A MAN who deliberately side-swiped a car, endangering the life of a nearby pedestrian, has described his own actions as the result of "blind rage".
Callum Jay Laird, 22, faced the Gympie Magistrates Court by video link from the Arthur Gorrie Correctional Centre yesterday after the incident on June 14.
The prosecutor told the court that Laird appeared outside his ex-girlfriend's house at Rainbow Beach that night about 11.40pm.
Witnesses said he appeared to be drunk when he demanded to see his ex-girlfriend, and others in the house told him she was out with friends.
Laird then scratched the bonnet, sides and roof of his ex-girlfriend's car with his keys, while yelling and swearing.
The prosecutor told the court Laird then returned to his car and, deliberately swerving to the left, used it to scrape the side of his ex-girlfriend's car as he drove past. One witness had been standing close to the car, signalling for Laird to stop, and had to step back in fear for their safety as Laird fled the scene.
Police didn't catch up with Laird until two days later on June 16, when they found his van parked at Inskip Point.
Officers searched the vehicle after noticing the smell of cannabis, and found utensils for smoking drugs in Laird's possession.
They arrested Laird and charged him with the dangerous operation of a vehicle, possessing drug utensils, wilful damage and trespassing.
He made full admissions to police and said the episode at his ex-girlfriend's house was "an act of blind rage".
Laird told the court he was currently unemployed and homeless, and paying restitution for damage to the car would be a struggle.
"I wish I hadn't been such an idiot," he said. "I've had a lot of trauma in my life, as a lot of people have, but it affected me badly."
He said he had been struggling with mental health issues for the past three years.
"I'm trying to get myself better," he said.
Magistrate Damien Dwyer said Laird had to take responsibility for his actions, and he had put a pedestrian's life in danger.
"It gives you no excuse to go on with the rubbish you did that day," he said.

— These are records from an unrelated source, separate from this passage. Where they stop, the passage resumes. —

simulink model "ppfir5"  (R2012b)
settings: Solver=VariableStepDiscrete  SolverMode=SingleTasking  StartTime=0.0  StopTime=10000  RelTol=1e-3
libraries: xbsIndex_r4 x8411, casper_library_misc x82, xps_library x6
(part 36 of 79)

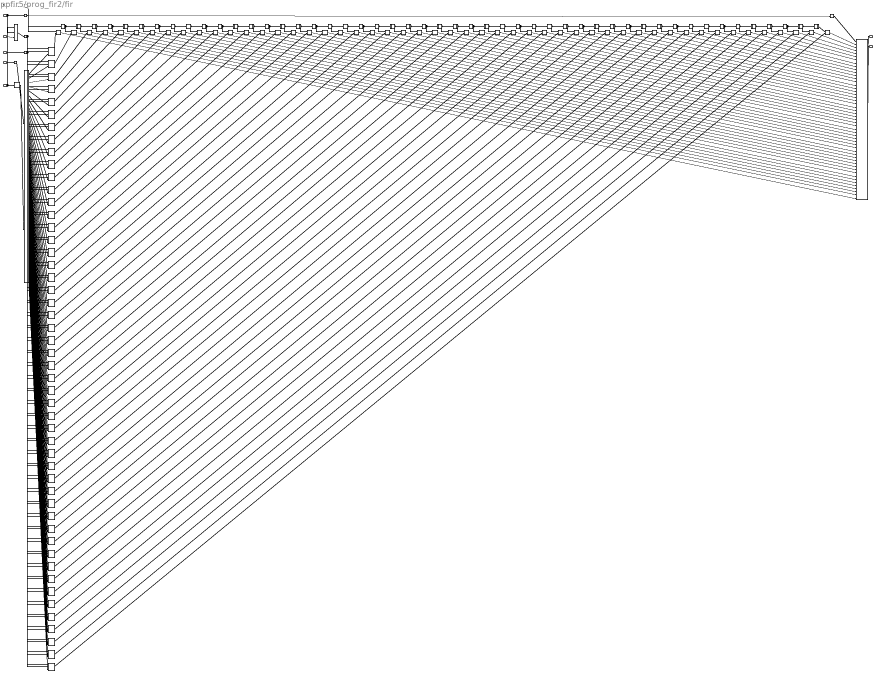
== system ppfir5/prog_fir2/fir ==
  data_in : Inport
  ch_in : Inport  Port=2
  write_coeff : Inport  Port=3
  coeff_to_write : Inport  Port=4
  tap_to_write : Inport  Port=5
  ch_to_write : Inport  Port=6
  Mult{1..50} (50 alike) : xbsIndex_r4/Mult  precision=Full  arith_type="Signed  (2's comp)"  n_bits=16  bin_pt=14  quantization=Truncate  overflow=Wrap  en=off  latency=4  dbl_ovrd=off  use_behavioral_HDL=off  opt=Speed  use_embedded=on  optimum_pipeline=on  pipeline=on  use_rpm=on  placement_style=Triangular  block_type=mult
  bram{1..50} (50 alike) : xbsIndex_r4/Single Port RAM  depth=256  initVector=0  distributed_mem=Block RAM  write_mode=No Read On Write  rst=off  init_reg=0  en=off  latency=3  dbl_ovrd=off  optimize=Area  block_type=spram
  ch_dly : xbsIndex_r4/Delay  rst=off  infoeditControl=Selection of Reset will increase slice count due to use of real FFs and instead of SRLs  en=off  latency=2  dbl_ovrd=off  reg_retiming=off  block_type=delay
  ch_mux : xbsIndex_r4/Mux  inputs=2  en=off  latency=1  precision=Full  arith_type=Unsigned  n_bits=16  bin_pt=14  quantization=Truncate  overflow=Wrap  dbl_ovrd=off  block_type=mux
  coeff_in_dly : xbsIndex_r4/Delay  rst=off  infoeditControl=Selection of Reset will increase slice count due to use of real FFs and instead of SRLs  en=off  latency=3  dbl_ovrd=off  reg_retiming=off  block_type=delay
  data_dly : xbsIndex_r4/Delay  rst=off  infoeditControl=Selection of Reset will increase slice count due to use of real FFs and instead of SRLs  en=off  latency=6  dbl_ovrd=off  reg_retiming=off  block_type=delay
  delay1 : Subsystem  mask(delay_bram){DelayLen=256, bram_latency=2, implementation=Fabric, async=off}
      mask prompts: DelayLen "Delay By:"; bram_latency "BRAM Latency"; implementation "Implement using"; async "asynchronous operation"
      mask help: A delay block that uses BRAM for its storage.
      mask init:
      | delay_bram_impl_init(gcb, ...
      |     'DelayLen', DelayLen, ...
      |     'bram_latency', bram_latency, ...
      |     'implementation', implementation, ...
      |     'async', async);
      mask Help: eval('xlWeb(''http://casper.berkeley.edu/wiki/Delay_bram'')')
      mask TypeOptions implementation: Behavioral HDL | Fabric | DSP48
      mask Display:
      | str=sprintf('z^{-%d}',DelayLen);
      | color('black');disp(str,'texmode','on');
  delay10 : Subsystem  mask(delay_bram){DelayLen=256, bram_latency=2, implementation=Fabric, async=off}
      mask prompts: DelayLen "Delay By:"; bram_latency "BRAM Latency"; implementation "Implement using"; async "asynchronous operation"
      mask help: A delay block that uses BRAM for its storage.
      mask init:
      | delay_bram_impl_init(gcb, ...
      |     'DelayLen', DelayLen, ...
      |     'bram_latency', bram_latency, ...
      |     'implementation', implementation, ...
      |     'async', async);
      mask Help: eval('xlWeb(''http://casper.berkeley.edu/wiki/Delay_bram'')')
      mask TypeOptions implementation: Behavioral HDL | Fabric | DSP48
      mask Display:
      | str=sprintf('z^{-%d}',DelayLen);
      | color('black');disp(str,'texmode','on');
  delay11 : Subsystem  mask(delay_bram){DelayLen=256, bram_latency=2, implementation=Fabric, async=off}
      mask prompts: DelayLen "Delay By:"; bram_latency "BRAM Latency"; implementation "Implement using"; async "asynchronous operation"
      mask help: A delay block that uses BRAM for its storage.
      mask init:
      | delay_bram_impl_init(gcb, ...
      |     'DelayLen', DelayLen, ...
      |     'bram_latency', bram_latency, ...
      |     'implementation', implementation, ...
      |     'async', async);
      mask Help: eval('xlWeb(''http://casper.berkeley.edu/wiki/Delay_bram'')')
      mask TypeOptions implementation: Behavioral HDL | Fabric | DSP48
      mask Display:
      | str=sprintf('z^{-%d}',DelayLen);
      | color('black');disp(str,'texmode','on');
  delay12 : Subsystem  mask(delay_bram){DelayLen=256, bram_latency=2, implementation=Fabric, async=off}
      mask prompts: DelayLen "Delay By:"; bram_latency "BRAM Latency"; implementation "Implement using"; async "asynchronous operation"
      mask help: A delay block that uses BRAM for its storage.
      mask init:
      | delay_bram_impl_init(gcb, ...
      |     'DelayLen', DelayLen, ...
      |     'bram_latency', bram_latency, ...
      |     'implementation', implementation, ...
      |     'async', async);
      mask Help: eval('xlWeb(''http://casper.berkeley.edu/wiki/Delay_bram'')')
      mask TypeOptions implementation: Behavioral HDL | Fabric | DSP48
      mask Display:
      | str=sprintf('z^{-%d}',DelayLen);
      | color('black');disp(str,'texmode','on');
  delay13 : Subsystem  mask(delay_bram){DelayLen=256, bram_latency=2, implementation=Fabric, async=off}
      mask prompts: DelayLen "Delay By:"; bram_latency "BRAM Latency"; implementation "Implement using"; async "asynchronous operation"
      mask help: A delay block that uses BRAM for its storage.
      mask init:
      | delay_bram_impl_init(gcb, ...
      |     'DelayLen', DelayLen, ...
      |     'bram_latency', bram_latency, ...
      |     'implementation', implementation, ...
      |     'async', async);
      mask Help: eval('xlWeb(''http://casper.berkeley.edu/wiki/Delay_bram'')')
      mask TypeOptions implementation: Behavioral HDL | Fabric | DSP48
      mask Display:
      | str=sprintf('z^{-%d}',DelayLen);
      | color('black');disp(str,'texmode','on');
  delay14 : Subsystem  mask(delay_bram){DelayLen=256, bram_latency=2, implementation=Fabric, async=off}
      mask prompts: DelayLen "Delay By:"; bram_latency "BRAM Latency"; implementation "Implement using"; async "asynchronous operation"
      mask help: A delay block that uses BRAM for its storage.
      mask init:
      | delay_bram_impl_init(gcb, ...
      |     'DelayLen', DelayLen, ...
      |     'bram_latency', bram_latency, ...
      |     'implementation', implementation, ...
      |     'async', async);
      mask Help: eval('xlWeb(''http://casper.berkeley.edu/wiki/Delay_bram'')')
      mask TypeOptions implementation: Behavioral HDL | Fabric | DSP48
      mask Display:
      | str=sprintf('z^{-%d}',DelayLen);
      | color('black');disp(str,'texmode','on');
  delay15 : Subsystem  mask(delay_bram){DelayLen=256, bram_latency=2, implementation=Fabric, async=off}
      mask prompts: DelayLen "Delay By:"; bram_latency "BRAM Latency"; implementation "Implement using"; async "asynchronous operation"
      mask help: A delay block that uses BRAM for its storage.
      mask init:
      | delay_bram_impl_init(gcb, ...
      |     'DelayLen', DelayLen, ...
      |     'bram_latency', bram_latency, ...
      |     'implementation', implementation, ...
      |     'async', async);
      mask Help: eval('xlWeb(''http://casper.berkeley.edu/wiki/Delay_bram'')')
      mask TypeOptions implementation: Behavioral HDL | Fabric | DSP48
      mask Display:
      | str=sprintf('z^{-%d}',DelayLen);
      | color('black');disp(str,'texmode','on');
  delay16 : Subsystem  mask(delay_bram){DelayLen=256, bram_latency=2, implementation=Fabric, async=off}
      mask prompts: DelayLen "Delay By:"; bram_latency "BRAM Latency"; implementation "Implement using"; async "asynchronous operation"
      mask help: A delay block that uses BRAM for its storage.
      mask init:
      | delay_bram_impl_init(gcb, ...
      |     'DelayLen', DelayLen, ...
      |     'bram_latency', bram_latency, ...
      |     'implementation', implementation, ...
      |     'async', async);
      mask Help: eval('xlWeb(''http://casper.berkeley.edu/wiki/Delay_bram'')')
      mask TypeOptions implementation: Behavioral HDL | Fabric | DSP48
      mask Display:
      | str=sprintf('z^{-%d}',DelayLen);
      | color('black');disp(str,'texmode','on');
  delay17 : Subsystem  mask(delay_bram){DelayLen=256, bram_latency=2, implementation=Fabric, async=off}
      mask prompts: DelayLen "Delay By:"; bram_latency "BRAM Latency"; implementation "Implement using"; async "asynchronous operation"
      mask help: A delay block that uses BRAM for its storage.
      mask init:
      | delay_bram_impl_init(gcb, ...
      |     'DelayLen', DelayLen, ...
      |     'bram_latency', bram_latency, ...
      |     'implementation', implementation, ...
      |     'async', async);
      mask Help: eval('xlWeb(''http://casper.berkeley.edu/wiki/Delay_bram'')')
      mask TypeOptions implementation: Behavioral HDL | Fabric | DSP48
      mask Display:
      | str=sprintf('z^{-%d}',DelayLen);
      | color('black');disp(str,'texmode','on');
  delay18 : Subsystem  mask(delay_bram){DelayLen=256, bram_latency=2, implementation=Fabric, async=off}
      mask prompts: DelayLen "Delay By:"; bram_latency "BRAM Latency"; implementation "Implement using"; async "asynchronous operation"
      mask help: A delay block that uses BRAM for its storage.
      mask init:
      | delay_bram_impl_init(gcb, ...
      |     'DelayLen', DelayLen, ...
      |     'bram_latency', bram_latency, ...
      |     'implementation', implementation, ...
      |     'async', async);
      mask Help: eval('xlWeb(''http://casper.berkeley.edu/wiki/Delay_bram'')')
      mask TypeOptions implementation: Behavioral HDL | Fabric | DSP48
      mask Display:
      | str=sprintf('z^{-%d}',DelayLen);
      | color('black');disp(str,'texmode','on');
  delay19 : Subsystem  mask(delay_bram){DelayLen=256, bram_latency=2, implementation=Fabric, async=off}
      mask prompts: DelayLen "Delay By:"; bram_latency "BRAM Latency"; implementation "Implement using"; async "asynchronous operation"
      mask help: A delay block that uses BRAM for its storage.
      mask init:
      | delay_bram_impl_init(gcb, ...
      |     'DelayLen', DelayLen, ...
      |     'bram_latency', bram_latency, ...
      |     'implementation', implementation, ...
      |     'async', async);
      mask Help: eval('xlWeb(''http://casper.berkeley.edu/wiki/Delay_bram'')')
      mask TypeOptions implementation: Behavioral HDL | Fabric | DSP48
      mask Display:
      | str=sprintf('z^{-%d}',DelayLen);
      | color('black');disp(str,'texmode','on');
  delay2 : Subsystem  mask(delay_bram){DelayLen=256, bram_latency=2, implementation=Fabric, async=off}
      mask prompts: DelayLen "Delay By:"; bram_latency "BRAM Latency"; implementation "Implement using"; async "asynchronous operation"
      mask help: A delay block that uses BRAM for its storage.
      mask init:
      | delay_bram_impl_init(gcb, ...
      |     'DelayLen', DelayLen, ...
      |     'bram_latency', bram_latency, ...
      |     'implementation', implementation, ...
      |     'async', async);
      mask Help: eval('xlWeb(''http://casper.berkeley.edu/wiki/Delay_bram'')')
      mask TypeOptions implementation: Behavioral HDL | Fabric | DSP48
      mask Display:
      | str=sprintf('z^{-%d}',DelayLen);
      | color('black');disp(str,'texmode','on');
  delay20 : Subsystem  mask(delay_bram){DelayLen=256, bram_latency=2, implementation=Fabric, async=off}
      mask prompts: DelayLen "Delay By:"; bram_latency "BRAM Latency"; implementation "Implement using"; async "asynchronous operation"
      mask help: A delay block that uses BRAM for its storage.
      mask init:
      | delay_bram_impl_init(gcb, ...
      |     'DelayLen', DelayLen, ...
      |     'bram_latency', bram_latency, ...
      |     'implementation', implementation, ...
      |     'async', async);
      mask Help: eval('xlWeb(''http://casper.berkeley.edu/wiki/Delay_bram'')')
      mask TypeOptions implementation: Behavioral HDL | Fabric | DSP48
      mask Display:
      | str=sprintf('z^{-%d}',DelayLen);
      | color('black');disp(str,'texmode','on');
  delay21 : Subsystem  mask(delay_bram){DelayLen=256, bram_latency=2, implementation=Fabric, async=off}
      mask prompts: DelayLen "Delay By:"; bram_latency "BRAM Latency"; implementation "Implement using"; async "asynchronous operation"
      mask help: A delay block that uses BRAM for its storage.
      mask init:
      | delay_bram_impl_init(gcb, ...
      |     'DelayLen', DelayLen, ...
      |     'bram_latency', bram_latency, ...
      |     'implementation', implementation, ...
      |     'async', async);
      mask Help: eval('xlWeb(''http://casper.berkeley.edu/wiki/Delay_bram'')')
      mask TypeOptions implementation: Behavioral HDL | Fabric | DSP48
      mask Display:
      | str=sprintf('z^{-%d}',DelayLen);
      | color('black');disp(str,'texmode','on');
  delay22 : Subsystem  mask(delay_bram){DelayLen=256, bram_latency=2, implementation=Fabric, async=off}
      mask prompts: DelayLen "Delay By:"; bram_latency "BRAM Latency"; implementation "Implement using"; async "asynchronous operation"
      mask help: A delay block that uses BRAM for its storage.
      mask init:
      | delay_bram_impl_init(gcb, ...
      |     'DelayLen', DelayLen, ...
      |     'bram_latency', bram_latency, ...
      |     'implementation', implementation, ...
      |     'async', async);
      mask Help: eval('xlWeb(''http://casper.berkeley.edu/wiki/Delay_bram'')')
      mask TypeOptions implementation: Behavioral HDL | Fabric | DSP48
      mask Display:
      | str=sprintf('z^{-%d}',DelayLen);
      | color('black');disp(str,'texmode','on');
  delay23 : Subsystem  mask(delay_bram){DelayLen=256, bram_latency=2, implementation=Fabric, async=off}
      mask prompts: DelayLen "Delay By:"; bram_latency "BRAM Latency"; implementation "Implement using"; async "asynchronous operation"
      mask help: A delay block that uses BRAM for its storage.
      mask init:
      | delay_bram_impl_init(gcb, ...
      |     'DelayLen', DelayLen, ...
      |     'bram_latency', bram_latency, ...
      |     'implementation', implementation, ...
      |     'async', async);
      mask Help: eval('xlWeb(''http://casper.berkeley.edu/wiki/Delay_bram'')')
      mask TypeOptions implementation: Behavioral HDL | Fabric | DSP48
      mask Display:
      | str=sprintf('z^{-%d}',DelayLen);
      | color('black');disp(str,'texmode','on');
  delay24 : Subsystem  mask(delay_bram){DelayLen=256, bram_latency=2, implementation=Fabric, async=off}
      mask prompts: DelayLen "Delay By:"; bram_latency "BRAM Latency"; implementation "Implement using"; async "asynchronous operation"
      mask help: A delay block that uses BRAM for its storage.
      mask init:
      | delay_bram_impl_init(gcb, ...
      |     'DelayLen', DelayLen, ...
      |     'bram_latency', bram_latency, ...
      |     'implementation', implementation, ...
      |     'async', async);
      mask Help: eval('xlWeb(''http://casper.berkeley.edu/wiki/Delay_bram'')')
      mask TypeOptions implementation: Behavioral HDL | Fabric | DSP48
      mask Display:
      | str=sprintf('z^{-%d}',DelayLen);
      | color('black');disp(str,'texmode','on');
  delay25 : Subsystem  mask(delay_bram){DelayLen=256, bram_latency=2, implementation=Fabric, async=off}
      mask prompts: DelayLen "Delay By:"; bram_latency "BRAM Latency"; implementation "Implement using"; async "asynchronous operation"
      mask help: A delay block that uses BRAM for its storage.
      mask init:
      | delay_bram_impl_init(gcb, ...
      |     'DelayLen', DelayLen, ...
      |     'bram_latency', bram_latency, ...
      |     'implementation', implementation, ...
      |     'async', async);
      mask Help: eval('xlWeb(''http://casper.berkeley.edu/wiki/Delay_bram'')')
      mask TypeOptions implementation: Behavioral HDL | Fabric | DSP48
      mask Display:
      | str=sprintf('z^{-%d}',DelayLen);
      | color('black');disp(str,'texmode','on');
  delay26 : Subsystem  mask(delay_bram){DelayLen=256, bram_latency=2, implementation=Fabric, async=off}
      mask prompts: DelayLen "Delay By:"; bram_latency "BRAM Latency"; implementation "Implement using"; async "asynchronous operation"
      mask help: A delay block that uses BRAM for its storage.
      mask init:
      | delay_bram_impl_init(gcb, ...
      |     'DelayLen', DelayLen, ...
      |     'bram_latency', bram_latency, ...
      |     'implementation', implementation, ...
      |     'async', async);
      mask Help: eval('xlWeb(''http://casper.berkeley.edu/wiki/Delay_bram'')')
      mask TypeOptions implementation: Behavioral HDL | Fabric | DSP48
      mask Display:
      | str=sprintf('z^{-%d}',DelayLen);
      | color('black');disp(str,'texmode','on');
  delay27 : Subsystem  mask(delay_bram){DelayLen=256, bram_latency=2, implementation=Fabric, async=off}
      mask prompts: DelayLen "Delay By:"; bram_latency "BRAM Latency"; implementation "Implement using"; async "asynchronous operation"
      mask help: A delay block that uses BRAM for its storage.
      mask init:
      | delay_bram_impl_init(gcb, ...
      |     'DelayLen', DelayLen, ...
      |     'bram_latency', bram_latency, ...
      |     'implementation', implementation, ...
      |     'async', async);
      mask Help: eval('xlWeb(''http://casper.berkeley.edu/wiki/Delay_bram'')')
      mask TypeOptions implementation: Behavioral HDL | Fabric | DSP48
      mask Display:
      | str=sprintf('z^{-%d}',DelayLen);
      | color('black');disp(str,'texmode','on');
  delay28 : Subsystem  mask(delay_bram){DelayLen=256, bram_latency=2, implementation=Fabric, async=off}
      mask prompts: DelayLen "Delay By:"; bram_latency "BRAM Latency"; implementation "Implement using"; async "asynchronous operation"
      mask help: A delay block that uses BRAM for its storage.
      mask init:
      | delay_bram_impl_init(gcb, ...
      |     'DelayLen', DelayLen, ...
      |     'bram_latency', bram_latency, ...
      |     'implementation', implementation, ...
      |     'async', async);
      mask Help: eval('xlWeb(''http://casper.berkeley.edu/wiki/Delay_bram'')')
      mask TypeOptions implementation: Behavioral HDL | Fabric | DSP48
      mask Display:
      | str=sprintf('z^{-%d}',DelayLen);
      | color('black');disp(str,'texmode','on');
  delay29 : Subsystem  mask(delay_bram){DelayLen=256, bram_latency=2, implementation=Fabric, async=off}
      mask prompts: DelayLen "Delay By:"; bram_latency "BRAM Latency"; implementation "Implement using"; async "asynchronous operation"
      mask help: A delay block that uses BRAM for its storage.
      mask init:
      | delay_bram_impl_init(gcb, ...
      |     'DelayLen', DelayLen, ...
      |     'bram_latency', bram_latency, ...
      |     'implementation', implementation, ...
      |     'async', async);
      mask Help: eval('xlWeb(''http://casper.berkeley.edu/wiki/Delay_bram'')')
      mask TypeOptions implementation: Behavioral HDL | Fabric | DSP48
      mask Display:
      | str=sprintf('z^{-%d}',DelayLen);
      | color('black');disp(str,'texmode','on');
  delay3 : Subsystem  mask(delay_bram){DelayLen=256, bram_latency=2, implementation=Fabric, async=off}
      mask prompts: DelayLen "Delay By:"; bram_latency "BRAM Latency"; implementation "Implement using"; async "asynchronous operation"
      mask help: A delay block that uses BRAM for its storage.
      mask init:
      | delay_bram_impl_init(gcb, ...
      |     'DelayLen', DelayLen, ...
      |     'bram_latency', bram_latency, ...
      |     'implementation', implementation, ...
      |     'async', async);
      mask Help: eval('xlWeb(''http://casper.berkeley.edu/wiki/Delay_bram'')')
      mask TypeOptions implementation: Behavioral HDL | Fabric | DSP48
      mask Display:
      | str=sprintf('z^{-%d}',DelayLen);
      | color('black');disp(str,'texmode','on');
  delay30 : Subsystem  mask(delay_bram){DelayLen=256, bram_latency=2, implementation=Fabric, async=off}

But Mr Dwyer said Laird's early plea and lack of criminal history put him in a higher standing.
Mr Dwyer disqualified Laird's licence for a year, ordered him to pay $5960.46 restitution for damage to the car and sentenced him to 200 hours of community service with no conviction recorded.
He hoped the community service would help Laird build contacts to find a job.
"It seems you're a bit lost at the moment," he said.